• **Exercise**:
If the records below hold pictures, omit them, and print exactly the lines from the first line through the line containing "#15=CARTESIAN_POINT('',(0.,0.,0.));", inclusive.
── Provided entries
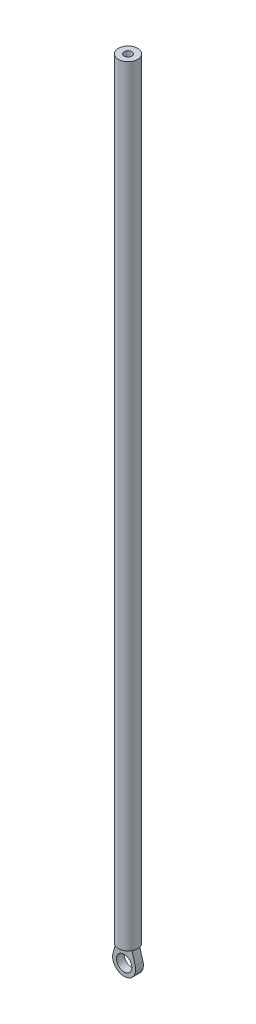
ISO-10303-21;
HEADER;
FILE_DESCRIPTION(('STEP AP214'),'2;1');
FILE_NAME('part.step','',(''),(''),'','','');
FILE_SCHEMA(('AUTOMOTIVE_DESIGN { 1 0 10303 214 1 1 1 1 }'));
ENDSEC;
DATA;
#1=APPLICATION_CONTEXT('core data for automotive mechanical design processes');
#2=APPLICATION_PROTOCOL_DEFINITION('international standard','automotive_design',2000,#1);
#3=PRODUCT_CONTEXT('',#1,'mechanical');
#4=PRODUCT('Part','Part','',(#3));
#5=PRODUCT_RELATED_PRODUCT_CATEGORY('part','',(#4));
#6=PRODUCT_DEFINITION_FORMATION('','',#4);
#7=PRODUCT_DEFINITION_CONTEXT('part definition',#1,'design');
#8=PRODUCT_DEFINITION('design','',#6,#7);
#9=PRODUCT_DEFINITION_SHAPE('','',#8);
#10=(LENGTH_UNIT() NAMED_UNIT(*) SI_UNIT(.MILLI.,.METRE.));
#11=(NAMED_UNIT(*) PLANE_ANGLE_UNIT() SI_UNIT($,.RADIAN.));
#12=(NAMED_UNIT(*) SI_UNIT($,.STERADIAN.) SOLID_ANGLE_UNIT());
#13=UNCERTAINTY_MEASURE_WITH_UNIT(LENGTH_MEASURE(1.E-05),#10,'distance_accuracy_value','');
#14=(GEOMETRIC_REPRESENTATION_CONTEXT(3) GLOBAL_UNCERTAINTY_ASSIGNED_CONTEXT((#13)) GLOBAL_UNIT_ASSIGNED_CONTEXT((#10,
#11,#12)) REPRESENTATION_CONTEXT('',''));
#15=CARTESIAN_POINT('',(0.,0.,0.));
#16=DIRECTION('',(0.,0.,1.));
#17=DIRECTION('',(1.,0.,0.));
#18=AXIS2_PLACEMENT_3D('',#15,#16,#17);
#19=CARTESIAN_POINT('',(-14.4498743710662,4.02506281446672,5.));
#20=DIRECTION('',(0.963324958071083,-0.268337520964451,0.));
#21=DIRECTION('',(0.268337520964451,0.963324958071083,0.));
#22=AXIS2_PLACEMENT_3D('',#19,#20,#21);
#23=PLANE('',#22);
#24=DIRECTION('',(-0.268337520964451,-0.963324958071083,0.));
#25=VECTOR('',#24,1.);
#26=CARTESIAN_POINT('',(-14.4498743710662,4.02506281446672,-5.));
#27=LINE('',#26,#25);
#28=CARTESIAN_POINT('',(-10.,20.,-5.));
#29=VERTEX_POINT('',#28);
#30=CARTESIAN_POINT('',(-14.4498743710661,4.02506281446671,-5.));
#31=VERTEX_POINT('',#30);
#32=EDGE_CURVE('E92',#29,#31,#27,.T.);
#33=ORIENTED_EDGE('',*,*,#32,.T.);
#34=DIRECTION('',(0.,0.,-1.));
#35=VECTOR('',#34,1.);
#36=CARTESIAN_POINT('',(-14.4498743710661,4.02506281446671,5.));
#37=LINE('',#36,#35);
#38=CARTESIAN_POINT('',(-14.4498743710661,4.02506281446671,5.));
#39=VERTEX_POINT('',#38);
#40=EDGE_CURVE('E11',#39,#31,#37,.T.);
#41=ORIENTED_EDGE('',*,*,#40,.F.);
#42=DIRECTION('',(-0.268337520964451,-0.963324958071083,0.));
#43=VECTOR('',#42,1.);
#44=CARTESIAN_POINT('',(-14.4498743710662,4.02506281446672,5.));
#45=LINE('',#44,#43);
#46=CARTESIAN_POINT('',(-10.,20.,5.));
#47=VERTEX_POINT('',#46);
#48=EDGE_CURVE('E56',#47,#39,#45,.T.);
#49=ORIENTED_EDGE('',*,*,#48,.F.);
#50=DIRECTION('',(0.,0.,-1.));
#51=VECTOR('',#50,1.);
#52=CARTESIAN_POINT('',(-10.,20.,5.));
#53=LINE('',#52,#51);
#54=EDGE_CURVE('E76',#47,#29,#53,.T.);
#55=ORIENTED_EDGE('',*,*,#54,.T.);
#56=EDGE_LOOP('',(#33,#41,#49,#55));
#57=FACE_BOUND('',#56,.T.);
#58=ADVANCED_FACE('F39',(#57),#23,.F.);
#59=CARTESIAN_POINT('',(0.,0.,5.));
#60=DIRECTION('',(0.,0.,-1.));
#61=DIRECTION('',(-1.,0.,0.));
#62=AXIS2_PLACEMENT_3D('',#59,#60,#61);
#63=CYLINDRICAL_SURFACE('',#62,14.9999999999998);
#64=CARTESIAN_POINT('',(0.,0.,-5.));
#65=DIRECTION('',(0.,0.,1.));
#66=DIRECTION('',(1.,0.,0.));
#67=AXIS2_PLACEMENT_3D('',#64,#65,#66);
#68=CIRCLE('',#67,14.9999999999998);
#69=CARTESIAN_POINT('',(14.4498743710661,4.02506281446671,-5.));
#70=VERTEX_POINT('',#69);
#71=EDGE_CURVE('E100',#31,#70,#68,.T.);
#72=ORIENTED_EDGE('',*,*,#71,.T.);
#73=DIRECTION('',(0.,0.,-1.));
#74=VECTOR('',#73,1.);
#75=CARTESIAN_POINT('',(14.4498743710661,4.02506281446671,5.));
#76=LINE('',#75,#74);
#77=CARTESIAN_POINT('',(14.4498743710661,4.02506281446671,5.));
#78=VERTEX_POINT('',#77);
#79=EDGE_CURVE('E48',#78,#70,#76,.T.);
#80=ORIENTED_EDGE('',*,*,#79,.F.);
#81=CARTESIAN_POINT('',(0.,0.,5.));
#82=DIRECTION('',(0.,0.,1.));
#83=DIRECTION('',(1.,0.,0.));
#84=AXIS2_PLACEMENT_3D('',#81,#82,#83);
#85=CIRCLE('',#84,14.9999999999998);
#86=EDGE_CURVE('E82',#39,#78,#85,.T.);
#87=ORIENTED_EDGE('',*,*,#86,.F.);
#88=ORIENTED_EDGE('',*,*,#40,.T.);
#89=EDGE_LOOP('',(#72,#80,#87,#88));
#90=FACE_BOUND('',#89,.T.);
#91=ADVANCED_FACE('F151',(#90),#63,.T.);
#92=CARTESIAN_POINT('',(14.4498743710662,4.02506281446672,5.));
#93=DIRECTION('',(0.963324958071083,0.268337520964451,0.));
#94=DIRECTION('',(-0.268337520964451,0.963324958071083,0.));
#95=AXIS2_PLACEMENT_3D('',#92,#93,#94);
#96=PLANE('',#95);
#97=DIRECTION('',(0.268337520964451,-0.963324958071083,0.));
#98=VECTOR('',#97,1.);
#99=CARTESIAN_POINT('',(14.4498743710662,4.02506281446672,-5.));
#100=LINE('',#99,#98);
#101=CARTESIAN_POINT('',(10.,20.,-5.));
#102=VERTEX_POINT('',#101);
#103=EDGE_CURVE('E91',#102,#70,#100,.T.);
#104=ORIENTED_EDGE('',*,*,#103,.F.);
#105=DIRECTION('',(0.,0.,-1.));
#106=VECTOR('',#105,1.);
#107=CARTESIAN_POINT('',(10.,20.,5.));
#108=LINE('',#107,#106);
#109=CARTESIAN_POINT('',(10.,20.,5.));
#110=VERTEX_POINT('',#109);
#111=EDGE_CURVE('E98',#110,#102,#108,.T.);
#112=ORIENTED_EDGE('',*,*,#111,.F.);
#113=DIRECTION('',(0.268337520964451,-0.963324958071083,0.));
#114=VECTOR('',#113,1.);
#115=CARTESIAN_POINT('',(14.4498743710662,4.02506281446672,5.));
#116=LINE('',#115,#114);
#117=EDGE_CURVE('E119',#110,#78,#116,.T.);
#118=ORIENTED_EDGE('',*,*,#117,.T.);
#119=ORIENTED_EDGE('',*,*,#79,.T.);
#120=EDGE_LOOP('',(#104,#112,#118,#119));
#121=FACE_BOUND('',#120,.T.);
#122=ADVANCED_FACE('F97',(#121),#96,.T.);
#123=CARTESIAN_POINT('',(0.,0.,5.));
#124=DIRECTION('',(0.,0.,-1.));
#125=DIRECTION('',(-1.,0.,0.));
#126=AXIS2_PLACEMENT_3D('',#123,#124,#125);
#127=CYLINDRICAL_SURFACE('',#126,9.99999999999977);
#128=CARTESIAN_POINT('',(0.,0.,5.));
#129=DIRECTION('',(0.,0.,1.));
#130=DIRECTION('',(1.,0.,0.));
#131=AXIS2_PLACEMENT_3D('',#128,#129,#130);
#132=CIRCLE('',#131,9.99999999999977);
#133=CARTESIAN_POINT('',(9.99999999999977,0.,5.));
#134=VERTEX_POINT('',#133);
#135=EDGE_CURVE('E108',#134,#134,#132,.T.);
#136=ORIENTED_EDGE('',*,*,#135,.T.);
#137=EDGE_LOOP('',(#136));
#138=FACE_BOUND('',#137,.T.);
#139=CARTESIAN_POINT('',(0.,0.,-5.));
#140=DIRECTION('',(0.,0.,1.));
#141=DIRECTION('',(1.,0.,0.));
#142=AXIS2_PLACEMENT_3D('',#139,#140,#141);
#143=CIRCLE('',#142,9.99999999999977);
#144=CARTESIAN_POINT('',(9.99999999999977,0.,-5.));
#145=VERTEX_POINT('',#144);
#146=EDGE_CURVE('E95',#145,#145,#143,.T.);
#147=ORIENTED_EDGE('',*,*,#146,.F.);
#148=EDGE_LOOP('',(#147));
#149=FACE_BOUND('',#148,.T.);
#150=ADVANCED_FACE('F159',(#138,#149),#127,.F.);
#151=CARTESIAN_POINT('',(0.,0.,5.));
#152=DIRECTION('',(0.,0.,1.));
#153=DIRECTION('',(1.,0.,0.));
#154=AXIS2_PLACEMENT_3D('',#151,#152,#153);
#155=PLANE('',#154);
#156=ORIENTED_EDGE('',*,*,#48,.T.);
#157=ORIENTED_EDGE('',*,*,#86,.T.);
#158=ORIENTED_EDGE('',*,*,#117,.F.);
#159=DIRECTION('',(1.,0.,0.));
#160=VECTOR('',#159,1.);
#161=CARTESIAN_POINT('',(0.,20.,5.));
#162=LINE('',#161,#160);
#163=EDGE_CURVE('E105',#47,#110,#162,.T.);
#164=ORIENTED_EDGE('',*,*,#163,.F.);
#165=EDGE_LOOP('',(#156,#157,#158,#164));
#166=FACE_BOUND('',#165,.T.);
#167=ORIENTED_EDGE('',*,*,#135,.F.);
#168=EDGE_LOOP('',(#167));
#169=FACE_BOUND('',#168,.T.);
#170=ADVANCED_FACE('F156',(#166,#169),#155,.T.);
#171=CARTESIAN_POINT('',(0.,0.,-5.));
#172=DIRECTION('',(0.,0.,1.));
#173=DIRECTION('',(1.,0.,0.));
#174=AXIS2_PLACEMENT_3D('',#171,#172,#173);
#175=PLANE('',#174);
#176=ORIENTED_EDGE('',*,*,#32,.F.);
#177=DIRECTION('',(1.,0.,0.));
#178=VECTOR('',#177,1.);
#179=CARTESIAN_POINT('',(0.,20.,-5.));
#180=LINE('',#179,#178);
#181=EDGE_CURVE('E88',#29,#102,#180,.T.);
#182=ORIENTED_EDGE('',*,*,#181,.T.);
#183=ORIENTED_EDGE('',*,*,#103,.T.);
#184=ORIENTED_EDGE('',*,*,#71,.F.);
#185=EDGE_LOOP('',(#176,#182,#183,#184));
#186=FACE_BOUND('',#185,.T.);
#187=ORIENTED_EDGE('',*,*,#146,.T.);
#188=EDGE_LOOP('',(#187));
#189=FACE_BOUND('',#188,.T.);
#190=ADVANCED_FACE('F89',(#186,#189),#175,.F.);
#191=CARTESIAN_POINT('',(0.,1020.,0.));
#192=DIRECTION('',(0.,-1.,0.));
#193=DIRECTION('',(0.,0.,-1.));
#194=AXIS2_PLACEMENT_3D('',#191,#192,#193);
#195=CYLINDRICAL_SURFACE('',#194,12.5);
#196=CARTESIAN_POINT('',(0.,1020.,0.));
#197=DIRECTION('',(0.,1.,0.));
#198=DIRECTION('',(0.,0.,1.));
#199=AXIS2_PLACEMENT_3D('',#196,#197,#198);
#200=CIRCLE('',#199,12.5);
#201=CARTESIAN_POINT('',(0.,1020.,12.5));
#202=VERTEX_POINT('',#201);
#203=EDGE_CURVE('E115',#202,#202,#200,.T.);
#204=ORIENTED_EDGE('',*,*,#203,.F.);
#205=EDGE_LOOP('',(#204));
#206=FACE_BOUND('',#205,.T.);
#207=CARTESIAN_POINT('',(0.,20.,0.));
#208=DIRECTION('',(0.,1.,0.));
#209=DIRECTION('',(0.,0.,1.));
#210=AXIS2_PLACEMENT_3D('',#207,#208,#209);
#211=CIRCLE('',#210,12.5);
#212=CARTESIAN_POINT('',(0.,20.,12.5));
#213=VERTEX_POINT('',#212);
#214=EDGE_CURVE('E123',#213,#213,#211,.T.);
#215=ORIENTED_EDGE('',*,*,#214,.T.);
#216=EDGE_LOOP('',(#215));
#217=FACE_BOUND('',#216,.T.);
#218=ADVANCED_FACE('F168',(#206,#217),#195,.T.);
#219=CARTESIAN_POINT('',(0.,1020.,0.));
#220=DIRECTION('',(0.,1.,0.));
#221=DIRECTION('',(0.,0.,1.));
#222=AXIS2_PLACEMENT_3D('',#219,#220,#221);
#223=PLANE('',#222);
#224=CARTESIAN_POINT('',(0.,1020.,0.));
#225=DIRECTION('',(0.,1.,0.));
#226=DIRECTION('',(0.,0.,1.));
#227=AXIS2_PLACEMENT_3D('',#224,#225,#226);
#228=CIRCLE('',#227,5.);
#229=CARTESIAN_POINT('',(0.,1020.,5.));
#230=VERTEX_POINT('',#229);
#231=EDGE_CURVE('E42',#230,#230,#228,.F.);
#232=ORIENTED_EDGE('',*,*,#231,.T.);
#233=EDGE_LOOP('',(#232));
#234=FACE_BOUND('',#233,.T.);
#235=ORIENTED_EDGE('',*,*,#203,.T.);
#236=EDGE_LOOP('',(#235));
#237=FACE_BOUND('',#236,.T.);
#238=ADVANCED_FACE('F135',(#234,#237),#223,.T.);
#239=CARTESIAN_POINT('',(0.,20.,0.));
#240=DIRECTION('',(0.,1.,0.));
#241=DIRECTION('',(0.,0.,1.));
#242=AXIS2_PLACEMENT_3D('',#239,#240,#241);
#243=PLANE('',#242);
#244=ORIENTED_EDGE('',*,*,#181,.F.);
#245=ORIENTED_EDGE('',*,*,#54,.F.);
#246=ORIENTED_EDGE('',*,*,#163,.T.);
#247=ORIENTED_EDGE('',*,*,#111,.T.);
#248=EDGE_LOOP('',(#244,#245,#246,#247));
#249=FACE_BOUND('',#248,.T.);
#250=ORIENTED_EDGE('',*,*,#214,.F.);
#251=EDGE_LOOP('',(#250));
#252=FACE_BOUND('',#251,.T.);
#253=ADVANCED_FACE('F103',(#249,#252),#243,.F.);
#254=CARTESIAN_POINT('',(0.,1220.,0.));
#255=DIRECTION('',(0.,-1.,0.));
#256=DIRECTION('',(0.,0.,-1.));
#257=AXIS2_PLACEMENT_3D('',#254,#255,#256);
#258=CYLINDRICAL_SURFACE('',#257,5.);
#259=ORIENTED_EDGE('',*,*,#231,.F.);
#260=EDGE_LOOP('',(#259));
#261=FACE_BOUND('',#260,.T.);
#262=CARTESIAN_POINT('',(0.,220.,0.));
#263=DIRECTION('',(0.,1.,0.));
#264=DIRECTION('',(0.,0.,1.));
#265=AXIS2_PLACEMENT_3D('',#262,#263,#264);
#266=CIRCLE('',#265,5.);
#267=CARTESIAN_POINT('',(0.,220.,5.));
#268=VERTEX_POINT('',#267);
#269=EDGE_CURVE('E128',#268,#268,#266,.T.);
#270=ORIENTED_EDGE('',*,*,#269,.F.);
#271=EDGE_LOOP('',(#270));
#272=FACE_BOUND('',#271,.T.);
#273=ADVANCED_FACE('F138',(#261,#272),#258,.F.);
#274=CARTESIAN_POINT('',(0.,220.,0.));
#275=DIRECTION('',(0.,1.,0.));
#276=DIRECTION('',(0.,0.,1.));
#277=AXIS2_PLACEMENT_3D('',#274,#275,#276);
#278=PLANE('',#277);
#279=ORIENTED_EDGE('',*,*,#269,.T.);
#280=EDGE_LOOP('',(#279));
#281=FACE_BOUND('',#280,.T.);
#282=ADVANCED_FACE('F141',(#281),#278,.T.);
#283=CLOSED_SHELL('',(#58,#91,#122,#150,#170,#190,#218,#238,#253,#273,#282));
#284=MANIFOLD_SOLID_BREP('B2',#283);
#285=ADVANCED_BREP_SHAPE_REPRESENTATION('',(#18,#284),#14);
#286=SHAPE_DEFINITION_REPRESENTATION(#9,#285);
ENDSEC;
END-ISO-10303-21;
────
• **Result of this task**:
ISO-10303-21;
HEADER;
FILE_DESCRIPTION(('STEP AP214'),'2;1');
FILE_NAME('part.step','',(''),(''),'','','');
FILE_SCHEMA(('AUTOMOTIVE_DESIGN { 1 0 10303 214 1 1 1 1 }'));
ENDSEC;
DATA;
#1=APPLICATION_CONTEXT('core data for automotive mechanical design processes');
#2=APPLICATION_PROTOCOL_DEFINITION('international standard','automotive_design',2000,#1);
#3=PRODUCT_CONTEXT('',#1,'mechanical');
#4=PRODUCT('Part','Part','',(#3));
#5=PRODUCT_RELATED_PRODUCT_CATEGORY('part','',(#4));
#6=PRODUCT_DEFINITION_FORMATION('','',#4);
#7=PRODUCT_DEFINITION_CONTEXT('part definition',#1,'design');
#8=PRODUCT_DEFINITION('design','',#6,#7);
#9=PRODUCT_DEFINITION_SHAPE('','',#8);
#10=(LENGTH_UNIT() NAMED_UNIT(*) SI_UNIT(.MILLI.,.METRE.));
#11=(NAMED_UNIT(*) PLANE_ANGLE_UNIT() SI_UNIT($,.RADIAN.));
#12=(NAMED_UNIT(*) SI_UNIT($,.STERADIAN.) SOLID_ANGLE_UNIT());
#13=UNCERTAINTY_MEASURE_WITH_UNIT(LENGTH_MEASURE(1.E-05),#10,'distance_accuracy_value','');
#14=(GEOMETRIC_REPRESENTATION_CONTEXT(3) GLOBAL_UNCERTAINTY_ASSIGNED_CONTEXT((#13)) GLOBAL_UNIT_ASSIGNED_CONTEXT((#10,
#11,#12)) REPRESENTATION_CONTEXT('',''));
#15=CARTESIAN_POINT('',(0.,0.,0.));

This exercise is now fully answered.